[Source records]

####

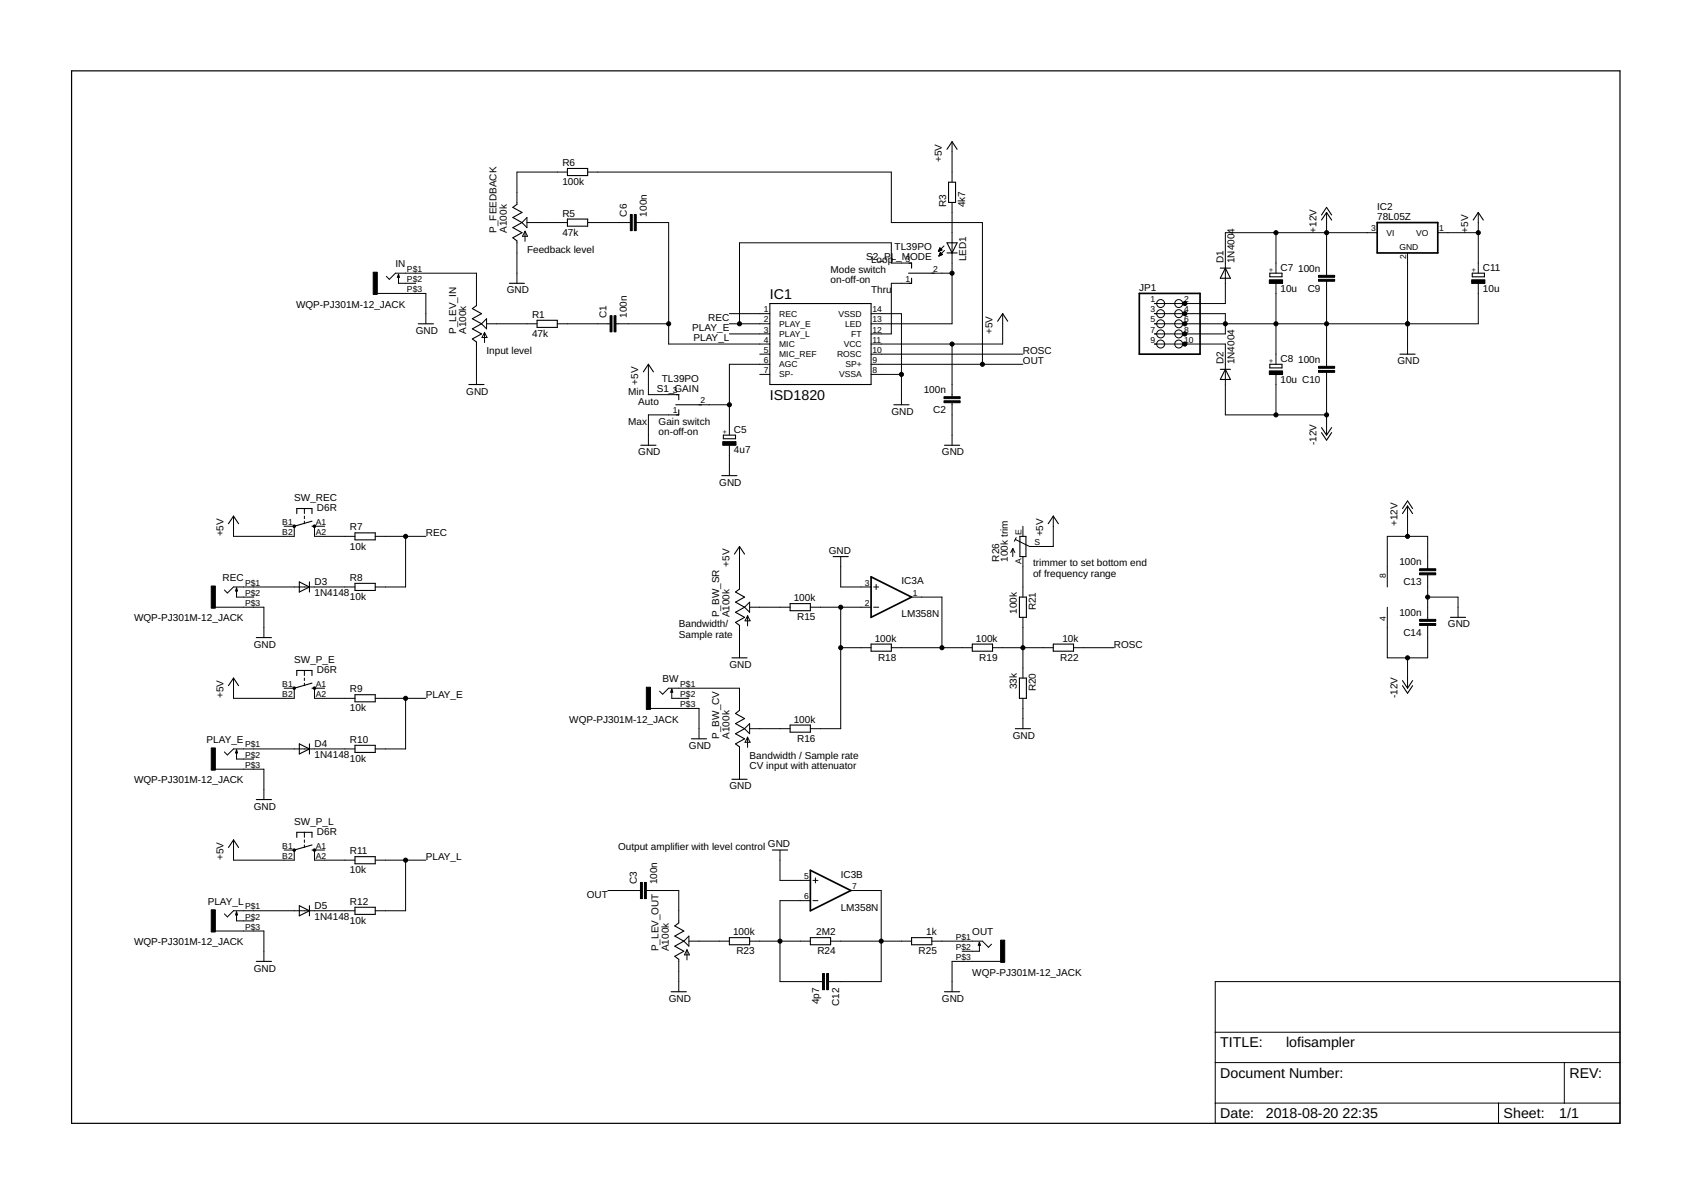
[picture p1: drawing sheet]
<svg xmlns="http://www.w3.org/2000/svg" width="297mm" height="210mm" viewBox="0 0 297 210" stroke-linecap="round" stroke-linejoin="round" font-family="sans-serif">
<g fill="none" stroke="#000" stroke-width=".19">
<path d="M90.8 35.9l-.7 .5 1.6 .9-1.6 .9 1.6 .9-1.6 .9 1.6 .9-1.6 .9 .7 .5M99.7 38.5h3.5v1.2h-3.5zM99.7 29.6h3.5v1.2h-3.5zM166.3 26.2l.9-1.3 .9 1.3M166.6 32h1.3v3.6h-1.3zM232.1 38.7l.9-1.4 .9 1.4M232.1 37.8l.9-1.4 .9 1.4M258.8 38.7l.9-1.4 .9 1.4M70 48.2l.2 .5h-.4zM73.5 56.9h2.6M83.7 53.7l-.7 .5 1.6 .9-1.6 .9 1.6 .9-1.6 .9 1.6 .9-1.6 .8 .7 .6M89.5 49.8h2.6"/>
<path d="M94.3 56.3h3.6v1.2h-3.6zM135.2 53.3h17.8v14.2h-17.8zM159.6 48h4.5M159.7 46.2h.4v.9M160.1 48.9v.9h-.4M166.3 42.7h1.8l-.9 1.7zM166.3 44.4h1.8M175.2 56.4l.9-1.3 .9 1.3M214.4 47.1h1.7M215.2 47.1l.9 1.8h-1.7zM223.1 48h2.1v.6h-2.1zM258.6 48h2.2v.6h-2.2z"/>
<path d="M82.4 67.5h2.6M112.6 78.2h2.6M113 65.3l.9-1.3 .9 1.3M118.7 71.1h4.5M118.8 69.3h.4v.9M119.2 72v.9h-.4M127.1 76.4h2.1v.7h-2.1zM157 71.1h2.7M165.9 78.2h2.7M214.4 64.9h1.7M215.2 64.9l.9 1.8h-1.7zM223.1 64h2.1v.6h-2.1z"/>
<path d="M232.1 75.1l.9 1.3 .9-1.3M232.1 76l.9 1.3 .9-1.3M245.9 62.2h2.7M40.1 92l.9-1.3 .9 1.3M52.1 90.2v-.9h2.7v.9M54.8 92.4h.4M54.8 91.5l-3.1 .9M62.4 93.6h3.5v1.2h-3.5zM126.8 83.5h2.7M129 97.3l.9-1.3 .9 1.3M146.3 97.8h2.7M179.2 94.2h1v3.6h-1z"/>
<path d="M184.1 92l.9-1.3 .9 1.3M246.4 90.2l.8-1.3 .9 1.3M246.4 89.3l.8-1.3 .9 1.3M41.6 103.3l.1 .5h-.3zM45 112h2.7M52.1 118.7v-.9h2.7v.9M52.6 102.2l1.8 .9-1.8 .9zM54.4 102.2v1.8M54.8 120l-3.1 .9M62.4 102.5h3.5v1.2h-3.5zM128.6 115.5h2.6M129.9 103.5l-.7 .5 1.6 .9-1.6 .9 1.6 .9-1.6 .8 1.6 .9-1.6 .9 .7 .6"/>
<path d="M138.8 106h3.5v1.3h-3.5zM153 113.1h3.6v1.3h-3.6zM170.8 113.1h3.5v1.3h-3.5zM179.1 104.9h1.2v3.5h-1.2zM179.1 119.1h1.2v3.6h-1.2zM185 113.1h3.6v1.3h-3.6zM246.4 119.5l.8 1.4 .9-1.4M254.8 108.4h2.7M40.1 120.4l.9-1.3 .9 1.3M41.6 131.7l.1 .5h-.3zM52.6 130.7l1.8 .9-1.8 .8zM54.4 130.7v1.7"/>
<path d="M54.8 120.9h.4M62.4 122h3.5v1.3h-3.5zM62.4 130.9h3.5v1.3h-3.5zM118 121.1l.2 .5h-.4zM121.5 129.8h2.6M128.6 136.9h2.6M129.9 124.8l-.7 .5 1.6 .9-1.6 .9 1.6 .9-1.6 .9 1.6 .9-1.6 .9 .7 .5M138.8 127.4h3.5v1.2h-3.5zM178.4 128h2.6M246.4 120.4l.8 1.4 .9-1.4M40.1 148.9l.9-1.4 .9 1.4M45 140.4h2.7"/>
<path d="M52.1 147.1v-.9h2.7v.9M52.6 159.1l1.8 .9-1.8 .9zM54.4 159.1v1.8M54.8 149.3h.4M54.8 148.4l-3.1 .9M62.4 150.5h3.5v1.2h-3.5zM62.4 159.4h3.5v1.2h-3.5zM135.7 149.3h2.6M41.6 160.2l.1 .5h-.3zM45 168.9h2.7M117.9 174.2h2.7M119.2 162.1l-.7 .5 1.6 .9-1.6 .9 1.6 .9-1.6 .9 1.6 .9-1.6 .9 .7 .5"/>
<path d="M128.1 164.7h3.6v1.2h-3.6zM142.3 164.7h3.6v1.2h-3.6zM160.1 164.7h3.6v1.2h-3.6zM165.9 174.2h2.7M172 165.5l.2 .5h-.3z"/>
</g>
<g fill="none" stroke="#000" stroke-width=".18">
<path d="M92.6 38.2v1.8l-.9-.9zM92.6 39.1h7.1M99.7 30.2h-8.9v5.7M103.2 39.1h7.5M103.2 30.2h53.4v8.9h16v24.9M111.8 39.1h5.7v21.3h17.7M167.2 35.6v21.3h-14.2M167.2 24.9v7.1M233 37.3v11M259.7 37.3v10.7M66.3 51.5h8.5v5.4M67.9 48.5l.5 .6 1.1-1.1h14.2v5.7"/>
<path d="M70 48.2v1.6h3M84.6 56.9l.9-.9v1.8zM85.1 58.4v1.8M85.1 58.4l.5 .9h-.9zM85.5 56.9h8.8M90.8 42.3v7.5M92.2 40.6v1.8M92.2 40.6l.5 .9h-.9zM97.9 56.9h9.2M108.2 56.9h9.3M128.1 55.1h7.1M128.1 56.9h7.1"/>
<path d="M128.1 58.7h7.1M153 55.1h5.3v16M160.1 49.8h-3.5v8.9h-3.6M160.1 46.2h-3.5v-3.5h-26.7v14.2M163.7 48h3.5M164.9 44.1h.1M164.9 44h.2M164.9 44h.4M164.9 44.9h.1M165 43.9h.4M165 44.9h.2M165 43.8h.4"/>
<path d="M165 44.8h.4M165 43.8h.3M165 44.7h.5M165.1 43.7h.1M165.1 43.6h.1M165.1 44.6h.4M165.1 43.5l.4 .4-.7 .3zM165.1 44.6h.3M165.1 44.5h.2M165.2 44.4h.1M165.2 44.3l.3 .4-.6 .3zM165.8 43.2l-1 1"/>
<path d="M165.9 44l-1 1M176.1 55.1v5.3h-23.1M202.8 55.1h12.4v3.6h-12.4M224.1 40.9v7.1M224.1 49.8v14.2M233 49.4v14.9M241.9 40.9h-26.7v12.4h-12.4M247.2 44.4v17.8M252.6 40.9h7.1M259.7 49.8v7.1h-56.9M83.7 60.1v7.4M113.9 64v5.3h5.3"/>
<path d="M119.2 72.9h-5.3v5.3M122.8 71.1h5.3M128.1 78.2v5.3M133.5 62.2h1.7M133.5 65.8h1.7M135.2 64h-7.1v12.4M153 62.2h26.7M153 64h26.7M153 65.8h5.3M167.2 60.4v9.3M167.2 70.7v7.5M202.8 60.4h12.4v12.5h17.8"/>
<path d="M224.1 65.8v7.1M233 65.4v11M41 90.7v3.5h10.7v-1.8h-1.8M53.5 89.3v.9M53.5 90.7v.4M53.5 91.5v.5M57 92.4h-1.8v1.8h7.2M65.9 94.2h8.9M71.2 94.2v8.9h-5.3M129.9 96v7.5M147.7 97.8v5.3h5.3M177.9 96.4v1.4"/>
<path d="M177.9 96.4l-.4 .6M177.9 96.4l.4 .6M178.5 94.4l-.3 .7M179.7 92.4v1.8M179.7 97.8v7.1M185 90.7v5.3h-4.2l-2.4-1.2M247.2 88.9v5.3M250.8 99.9v-5.7h-7.1v8.9M37.8 106.7h8.6v5.3M41 119.1v3.6h10.7v-1.8h-1.8M41.6 103.3v1.6h3M53.5 117.8v.9"/>
<path d="M53.5 119.1v.4M53.5 120v.4M62.4 103.1h-21.4l-1.1 1.1-.5-.6M129.9 109.9v5.6M131.3 108.2v1.7M131.3 108.2l.5 .9h-.9zM131.7 106.7h7.1M131.7 105.8v1.7l-.9-.8zM142.3 106.7h10.7M147.7 106.7v21.3h-5.4M147.7 113.8h5.3M153.5 103.1h.8"/>
<path d="M153.5 106.7h.8M153.9 102.7v.8M156.6 113.8h14.2M160.1 104.9h5.4v8.9M174.3 113.8h10.7M179.7 108.4v10.7M188.6 113.8h7.1M243.7 106.7v8.8h7.1v-5.6M247.2 115.5v5.4M250.8 104.9h5.3v3.5M250.8 101v7.8M37.8 135.1h8.6v5.3"/>
<path d="M41.6 131.7v1.6h3M57 120.9h-1.8v1.8h7.2M62.4 131.6h-21.4l-1.1 1-.5-.5M65.9 122.7h8.9M71.2 122.7v8.9h-5.3M114.3 124.4h8.5v5.4M115.9 121.4l.5 .5 1.1-1h12.4v3.9M118 121.1v1.6h3M129.9 131.2v5.7M131.3 129.5v1.8M131.3 129.5l.5 .9h-.9zM131.7 127.1v1.8l-.9-.9z"/>
<path d="M131.7 128h7.1M179.7 122.7v5.3M41 147.5v3.6h10.7v-1.8h-1.8M53.5 146.2v.9M53.5 147.5v.5M53.5 148.4v.5M57 149.3h-1.8v1.8h7.2M62.4 160h-21.4l-1.1 1.1-.5-.6M65.9 151.1h8.9M71.2 151.1v8.9h-5.3M106.8 156.4h5.7M113.6 156.4h5.6v5.7"/>
<path d="M137 149.3v5.3h5.3M142.3 158.2h-5.3v14.2h7.5M142.8 154.6h.9M142.8 158.2h.9M143.2 154.2v.9M149.5 156.4h5.3v16h-9.3M37.8 163.5h8.6v5.4M41.6 160.2v1.6h3M119.2 168.5v5.7M120.1 165.3l.9-.9v1.8zM120.7 166.8v1.8M120.7 166.8l.4 .9h-.9z"/>
<path d="M121 165.3h7.1M131.7 165.3h10.6M145.9 165.3h14.2M163.7 165.3h8.9l1 1.1 .6-.6M172 165.5v1.6h-3M175.8 168.9h-8.6v5.3M213.5 172.4h71.1v24.9h-71.1zM213.5 186.6h71.1M213.5 193.8h71.1M213.5 181.3h71.1M263.2 193.8v3.5M274.8 186.6v7.2"/>
<circle cx="203.9" cy="58.7" r=".7"/>
<circle cx="203.9" cy="53.3" r=".7"/>
<circle cx="203.9" cy="56.9" r=".7"/>
<circle cx="203.9" cy="55.1" r=".7"/>
<circle cx="207.1" cy="58.7" r=".7"/>
<circle cx="207.1" cy="56.9" r=".7"/>
<circle cx="207.1" cy="55.1" r=".7"/>
<circle cx="207.1" cy="53.3" r=".7"/>
<circle cx="203.9" cy="60.4" r=".7"/>
<circle cx="207.1" cy="60.4" r=".7"/>
</g>
<path d="M12.6 12.4h272v184.9h-272z" fill="none" stroke="#000" stroke-width=".21"/>
<g fill="#000" stroke="#000" stroke-width=".18">
<path d="M110.7 37.7h.4v2.8h-.4zM111.4 37.7h.4v2.8h-.4zM65.6 47.8h.7v3.9h-.7zM107.2 55.5h.3v2.8h-.3zM107.9 55.5h.3v2.8h-.3zM223 49.1h2.3v.7h-2.3zM231.6 48.4h2.8v.3h-2.8zM231.6 49.1h2.8v.3h-2.8zM258.5 49.1h2.3v.7h-2.3zM127 77.6h2.3v.6h-2.3zM165.8 69.7h2.9v.3h-2.9zM165.8 70.4h2.9v.3h-2.9z"/>
<path d="M223 65.2h2.3v.6h-2.3zM231.6 64.3h2.8v.4h-2.8zM231.6 65.1h2.8v.3h-2.8zM249.4 99.9h2.8v.3h-2.8zM37.1 102.9h.7v3.9h-.7zM249.4 100.6h2.8v.4h-2.8zM249.4 108.8h2.8v.3h-2.8zM249.4 109.5h2.8v.4h-2.8zM37.1 131.4h.7v3.9h-.7zM113.5 120.7h.8v3.9h-.8zM37.1 159.8h.7v3.9h-.7zM112.5 155h.3v2.8h-.3z"/>
<path d="M113.2 155h.3v2.8h-.3zM144.5 171h.3v2.8h-.3zM145.2 171h.3v2.8h-.3zM175.8 165.1h.7v3.9h-.7z"/>
</g>
<path d="M241.9 39.1h10.7v5.3h-10.7zM200.1 51.5h10.7v10.7h-10.7zM153 101.3l7.1 3.6-7.1 3.5zM142.3 152.9l7.2 3.5-7.2 3.6z" fill="none" stroke="#000" stroke-width=".3"/>
<g fill="#000" stroke="#000" stroke-width=".18">
<path d="M51.5 92.3h.3v.3h-.3z" fill-rule="evenodd"/>
<path d="M55.1 92.3h.3v.3h-.3z" fill-rule="evenodd"/>
<path d="M51.5 120.7h.3v.3h-.3z" fill-rule="evenodd"/>
<path d="M55.1 120.7h.3v.3h-.3z" fill-rule="evenodd"/>
<path d="M51.5 149.2h.3v.3h-.3z" fill-rule="evenodd"/>
<path d="M55.1 149.2h.3v.3h-.3z" fill-rule="evenodd"/>
<circle cx="117.5" cy="56.9" r=".36"/>
<circle cx="129.9" cy="56.9" r=".36"/>
<circle cx="167.2" cy="48" r=".36"/>
<circle cx="208.1" cy="53.3" r=".36"/>
<circle cx="208.1" cy="55.1" r=".36"/>
<circle cx="208.1" cy="58.7" r=".36"/>
<circle cx="208.1" cy="56.9" r=".36"/>
<circle cx="215.2" cy="56.9" r=".36"/>
<circle cx="224.1" cy="56.9" r=".36"/>
<circle cx="224.1" cy="40.9" r=".36"/>
<circle cx="233" cy="56.9" r=".36"/>
<circle cx="233" cy="40.9" r=".36"/>
<circle cx="247.2" cy="56.9" r=".36"/>
<circle cx="259.7" cy="40.9" r=".36"/>
<circle cx="128.1" cy="71.1" r=".36"/>
<circle cx="158.3" cy="65.8" r=".36"/>
<circle cx="167.2" cy="60.4" r=".36"/>
<circle cx="172.6" cy="64" r=".36"/>
<circle cx="208.1" cy="60.4" r=".36"/>
<circle cx="224.1" cy="72.9" r=".36"/>
<circle cx="233" cy="72.9" r=".36"/>
<circle cx="71.2" cy="94.2" r=".36"/>
<circle cx="247.2" cy="94.2" r=".36"/>
<circle cx="147.7" cy="113.8" r=".36"/>
<circle cx="147.7" cy="106.7" r=".36"/>
<circle cx="165.5" cy="113.8" r=".36"/>
<circle cx="179.7" cy="113.8" r=".36"/>
<circle cx="247.2" cy="115.5" r=".36"/>
<circle cx="250.8" cy="104.9" r=".36"/>
<circle cx="71.2" cy="122.7" r=".36"/>
<circle cx="71.2" cy="151.1" r=".36"/>
<circle cx="137" cy="165.3" r=".36"/>
<circle cx="154.8" cy="165.3" r=".36"/>
</g>
<g font-size="2.5">
<text x="135.2" y="52.4">IC1</text>
<text x="135.2" y="70.2">ISD1820</text>
<text x="214.3" y="184">TITLE:</text>
<text x="225.9" y="184">lofisampler</text>
<text x="214.3" y="189.3">Document Number:</text>
<text x="275.7" y="189.3">REV:</text>
<text x="214.3" y="196.4">Date:</text>
<text x="222.3" y="196.4">2018-08-20</text>
<text x="235.8" y="196.4">22:35</text>
<text x="264.1" y="196.4">Sheet:</text>
<text x="273.9" y="196.4">1/1</text>
</g>
<g font-size="1.8">
<text x="98.8" y="29.2">R6</text>
<text x="165.5" y="28.4" transform="rotate(-90 165.5 28.4)">+5V</text>
<text x="98.8" y="32.5">100k</text>
<text x="87.2" y="40.9" transform="rotate(-90 87.2 40.9)">P_FEEDBACK</text>
<text x="89" y="40.9" transform="rotate(-90 89 40.9)">A100k</text>
<text x="98.8" y="41.4">47k</text>
<text x="98.8" y="38.1">R5</text>
<text x="110.1" y="38" transform="rotate(-90 110.1 38)">C6</text>
<text x="113.6" y="38" transform="rotate(-90 113.6 38)">100n</text>
<text x="166.2" y="36.4" transform="rotate(-90 166.2 36.4)">R3</text>
<text x="169.5" y="36.4" transform="rotate(-90 169.5 36.4)">4k7</text>
<text x="231.2" y="40.9" transform="rotate(-90 231.2 40.9)">+12V</text>
<text x="241.9" y="38.7">78L05Z</text>
<text x="241.9" y="36.9">IC2</text>
<text x="257.9" y="40.9" transform="rotate(-90 257.9 40.9)">+5V</text>
<text x="69.5" y="46.9">IN</text>
<text x="92.6" y="44.4">Feedback level</text>
<text x="145.9" y="47.9">Mode switch</text>
<text x="152.2" y="45.7">S2_PL_MODE</text>
<text x="153" y="46.2">Loop</text>
<text x="157.1" y="43.9">TL39PO</text>
<text x="169.7" y="45.9" transform="rotate(-90 169.7 45.9)">LED1</text>
<text x="214.9" y="46.2" transform="rotate(-90 214.9 46.2)">D1</text>
<text x="216.9" y="46.2" transform="rotate(-90 216.9 46.2)">1N4004</text>
<text x="224.9" y="47.7">C7</text>
<text x="228" y="47.7">100n</text>
<text x="260.5" y="47.7">C11</text>
<text x="89" y="51.5">GND</text>
<text x="145.9" y="49.8">on-off-on</text>
<text x="153" y="51.5">Thru</text>
<text x="200.1" y="51.1">JP1</text>
<text x="224.9" y="51.2">10u</text>
<text x="229.7" y="51.3">C9</text>
<text x="260.5" y="51.2">10u</text>
<text x="52" y="54">WQP-PJ301M-12_JACK</text>
<text x="73" y="58.7">GND</text>
<text x="80.1" y="58.7" transform="rotate(-90 80.1 58.7)">P_LEV_IN</text>
<text x="81.9" y="58.7" transform="rotate(-90 81.9 58.7)">A100k</text>
<text x="93.5" y="59.2">47k</text>
<text x="93.5" y="55.8">R1</text>
<text x="106.5" y="55.8" transform="rotate(-90 106.5 55.8)">C1</text>
<text x="110.1" y="55.8" transform="rotate(-90 110.1 55.8)">100n</text>
<text x="121.6" y="58.1">PLAY_E</text>
<text x="121.8" y="59.9">PLAY_L</text>
<text x="124.4" y="56.4">REC</text>
<text x="174.3" y="58.7" transform="rotate(-90 174.3 58.7)">+5V</text>
<text x="85.5" y="62.2">Input level</text>
<text x="179.7" y="64">OUT</text>
<text x="179.7" y="62.2">ROSC</text>
<text x="214.9" y="64" transform="rotate(-90 214.9 64)">D2</text>
<text x="216.9" y="64" transform="rotate(-90 216.9 64)">1N4004</text>
<text x="224.9" y="63.7">C8</text>
<text x="228" y="63.7">100n</text>
<text x="245.5" y="64">GND</text>
<text x="81.9" y="69.3">GND</text>
<text x="110.3" y="69.3">Min</text>
<text x="112.1" y="67.5" transform="rotate(-90 112.1 67.5)">+5V</text>
<text x="112.1" y="71.1">Auto</text>
<text x="115.4" y="68.8">S1_GAIN</text>
<text x="116.3" y="67">TL39PO</text>
<text x="162.3" y="69.1">100n</text>
<text x="224.9" y="67.2">10u C10</text>
<text x="110.3" y="74.7">Max</text>
<text x="115.7" y="74.6">Gain switch</text>
<text x="115.7" y="76.4">on-off-on</text>
<text x="128.9" y="76.1">C5</text>
<text x="156.6" y="72.9">GND</text>
<text x="163.9" y="72.6">C2</text>
<text x="112.1" y="80">GND</text>
<text x="128.9" y="79.7">4u7</text>
<text x="165.5" y="80">GND</text>
<text x="231.2" y="78.2" transform="rotate(-90 231.2 78.2)">-12V</text>
<text x="51.7" y="88">SW_REC</text>
<text x="55.7" y="89.8">D6R</text>
<text x="126.3" y="85.3">GND</text>
<text x="39.2" y="94.2" transform="rotate(-90 39.2 94.2)">+5V</text>
<text x="61.5" y="93.2">R7</text>
<text x="74.8" y="94.2">REC</text>
<text x="183.2" y="94.2" transform="rotate(-90 183.2 94.2)">+5V</text>
<text x="245.5" y="92.4" transform="rotate(-90 245.5 92.4)">+12V</text>
<text x="61.5" y="96.5">10k</text>
<text x="128.1" y="99.5" transform="rotate(-90 128.1 99.5)">+5V</text>
<text x="145.6" y="97.2">GND</text>
<text x="175.5" y="98.7" transform="rotate(-90 175.5 98.7)">R26</text>
<text x="177" y="98.7" transform="rotate(-90 177 98.7)">100k trim</text>
<text x="181.5" y="99.5">trimmer to set bottom end</text>
<text x="181.5" y="101.3">of frequency range</text>
<text x="245.8" y="99.3">100n</text>
<text x="39.1" y="102">REC</text>
<text x="55.2" y="104.7">1N4148</text>
<text x="55.2" y="102.8">D3</text>
<text x="61.5" y="105.4">10k</text>
<text x="61.5" y="102.1">R8</text>
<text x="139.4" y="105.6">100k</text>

####

__Aim of the task__
Answer with a number alone: how many lines of the records contain the string "font"?

__Written solution__
3